Kebenaran agama kita harus kita yakini seratus persen. Tidak boleh ada keraguan dalam iman kita sedikitpun. Tetapi itu berarti harus ada kesadaran akan perlunya berendah hati, tidak mementang-mentangkan diri dan agama sendiri. Sikap demikian justru sikap takabur, sikap bersombong diri, sikap yang menunjukkan rendahnya kadar keimanan kita sendiri, yang mutlak benar adalah Allah. Juga agama yang diturunkan Allah kepada ummat manusia. Bukan manusianya itu sendiri. Sedang Allah saja memberikan peluang kepada ummat manusia untuk menunjukkan kebenaran keyakinan mereka sendiri, kalau mereka mampu. Bahwa kemudian Allah memberitahukan bahwa yang benar di sisi-Nya hanyalah agama Islam, itu hanya untuk menunjukkan kesia-siaan upaya mereka. Bukan larangan mereka untuk mencari kebenaran itu sendiri.

Memahami kebebasan siapapun untuk mencari kebenaran mutlak perlu menurut cara masing-masing, adalah salah satu tuntutan dari kehidupan beragama Islam. Kalau berhasil mereka akan memperoleh hasilnya, jika tidak akan menanggung risikonya sendiri di akherat kelak. Tidak berarti penyelesaiannya harus kita paksakan dengan berpolemik di dunia. Siapapun tahu, keterbatasan cara berpolemik itu. Apalagi kalau bersifat sesisi belaka. Kita diperintahkan berdakwah, artinya mengumandangkan pesan universal Islam akan kebenaran Allah dan kebenaran agama kita. Itu saja, tidak untuk memusuhi mereka yang beragama Islam.

Urusan peng-Islaman itu adalah urusan Allah sendiri. Inna huda hudallah, kata Al-Qur’an, sesungguhnya petunjuk adalah petunjuk Allah jua! Janganlah berpretensi kita bisa meng-Islamkan orang, karena sebenarnya kita hanya alat Tuhan saja dalam hal itu. Kita hanya menjadi prajurit Allah, sedangkan Beliau adalah komandan langsung. Masakan kita akan lebih galak dari komandan kita sendiri. Tidak lucu dong.!?

Tetapi, lebih dalam lagi adalah keterangan teologis yang harus dimengerti dari ayat Al-Qur’an tentang kebenaran mutlak Islam di sisi Allah itu. Kebenaran mutlak yang dimaksudkan itu adalah kebenaran imani, kebenaran keyakinan akan ke-esaan Tuhan. Mereka yang benar dalam keimanannya, belum tentu benar dalam perilaku dan pola amal perbuatannya sehari-hari, dus tidak berarti telah mencapai kebenaran amali yang dituntut dari keberadaan orang yang telah mencapai derajat kebenaran imani itu.

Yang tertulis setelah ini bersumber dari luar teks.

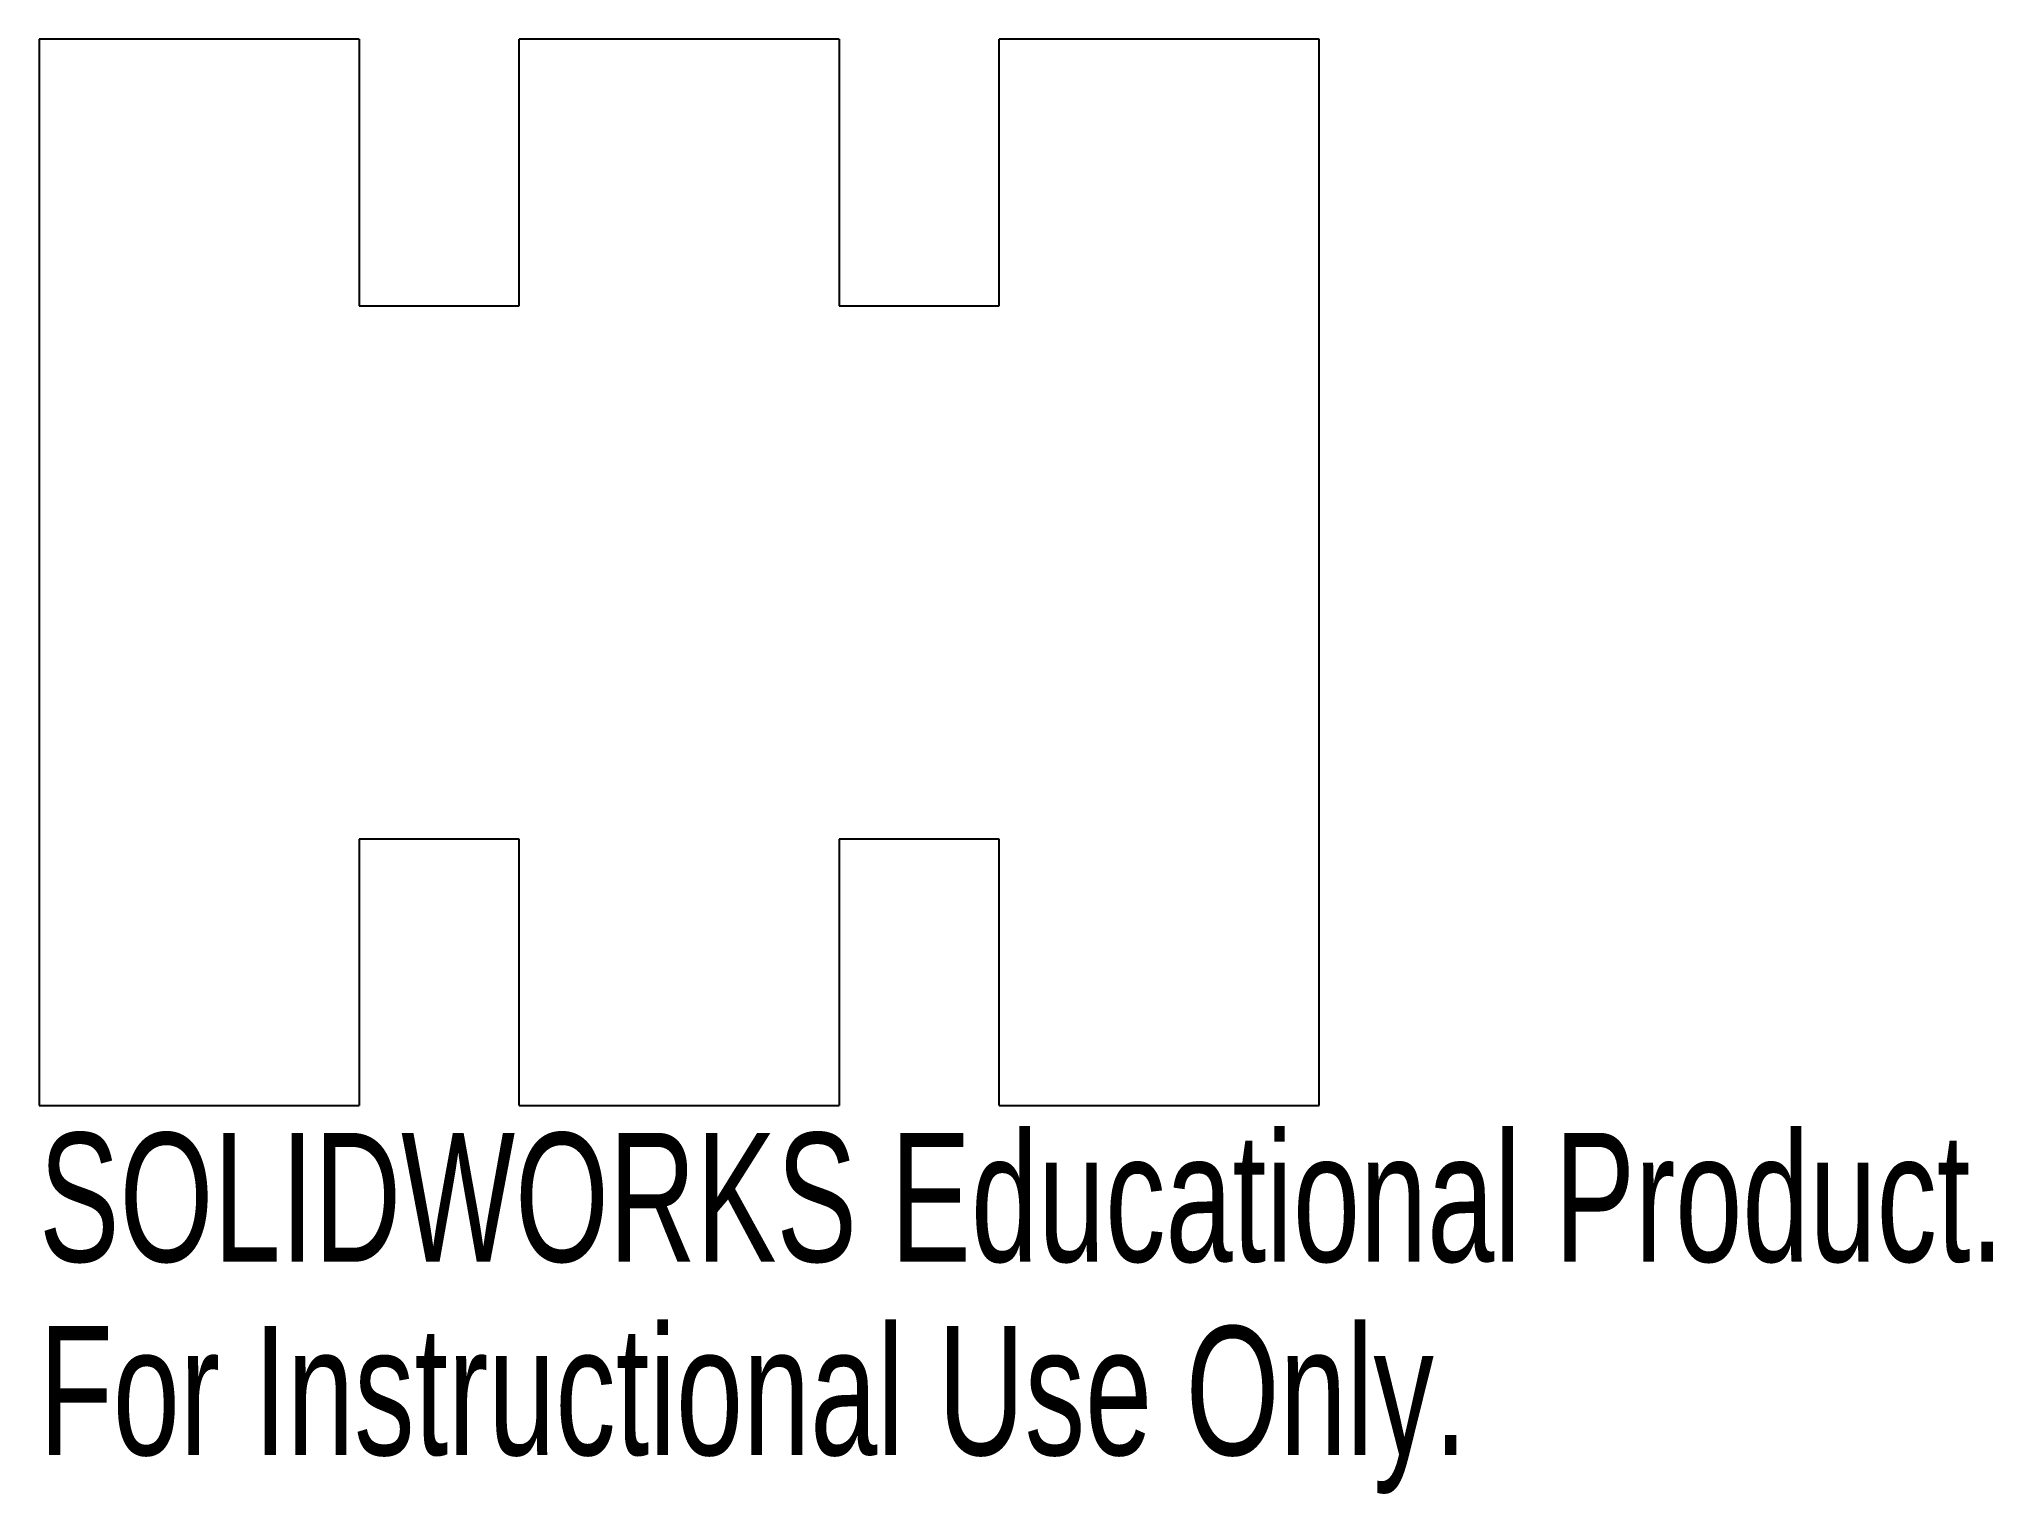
# Model space of a CAD drawing. Header units: millimetres. Extents: x -48 to 25.3, y -14.6 to 40.
import ezdxf

# ---------------------------------------------------------------- set-up
doc = ezdxf.new("R2010")
doc.units = ezdxf.units.MM
doc.styles.add('SLDTEXTSTYLE0', font='TXT', dxfattribs={"width": 0.7})

msp = doc.modelspace()

# ---------------------------------------------------------------- linework, layer by layer
at = {"color": 7, "linetype": 'Continuous', "lineweight": 25}
for p, q in [((-36, 40), (-48, 40)), ((-48, 40), (-48, 0)), ((-36, 40), (-36, 30)), ((-18, 40), (-30, 40)), ((-30, 30), (-30, 40)), ((-18, 40), (-18, 30)), ((0, 40), (-12, 40)), ((-12, 30), (-12, 40)), ((0, 0), (0, 40)), ((-36, 30), (-30, 30)), ((-18, 30), (-12, 30)), ((-36, 10), (-36, 0)), ((-30, 10), (-36, 10)), ((-30, 0), (-30, 10)), ((-18, 10), (-18, 0)), ((-12, 10), (-18, 10)), ((-12, 0), (-12, 10)), ((-48, 0), (-36, 0)), ((-30, 0), (-18, 0)), ((-12, 0), (0, 0))]:
    msp.add_line(p, q, dxfattribs=at)

# ---------------------------------------------------------------- texts
at = {"color": 7, "linetype": 'Continuous', "char_height": 4.83362, "attachment_point": 1, "style": 'SLDTEXTSTYLE0'}
for s, insert in [('SOLIDWORKS Educational Product.', (-48, -1.02)), ('For Instructional Use Only.', (-48, -8.27))]:
    msp.add_mtext(s, dxfattribs=dict(at, insert=insert))

doc.saveas('drawing.dxf')

Sedangkan orang lain mungkin belum mencapai derajat kebenaran imani, tetapi amal perbuatannya menunjukkan derajat kebenaran amali, minimal dalam hubungan antar-manusia (hablum minan nas).

Mungkin saja telah mencapai derajat kebenaran amali, sedangkan kita hanya bermodalkan kebenaran imani belaka? Karena itu, bukankah kita harus melakukan pergaulan baik dengan ummat beragama lain, mengakui hak mereka untuk mencari kebenaran, dan undang-undang? Bukankah justru dengan sikap seperti itu kita akan menggapai tebing kebenaran amali, setelah berada di dataran kebenaran imani kita selama ini? Bukankah dengan demikian berarti kita menyempurnakan kehidupan beragama kita?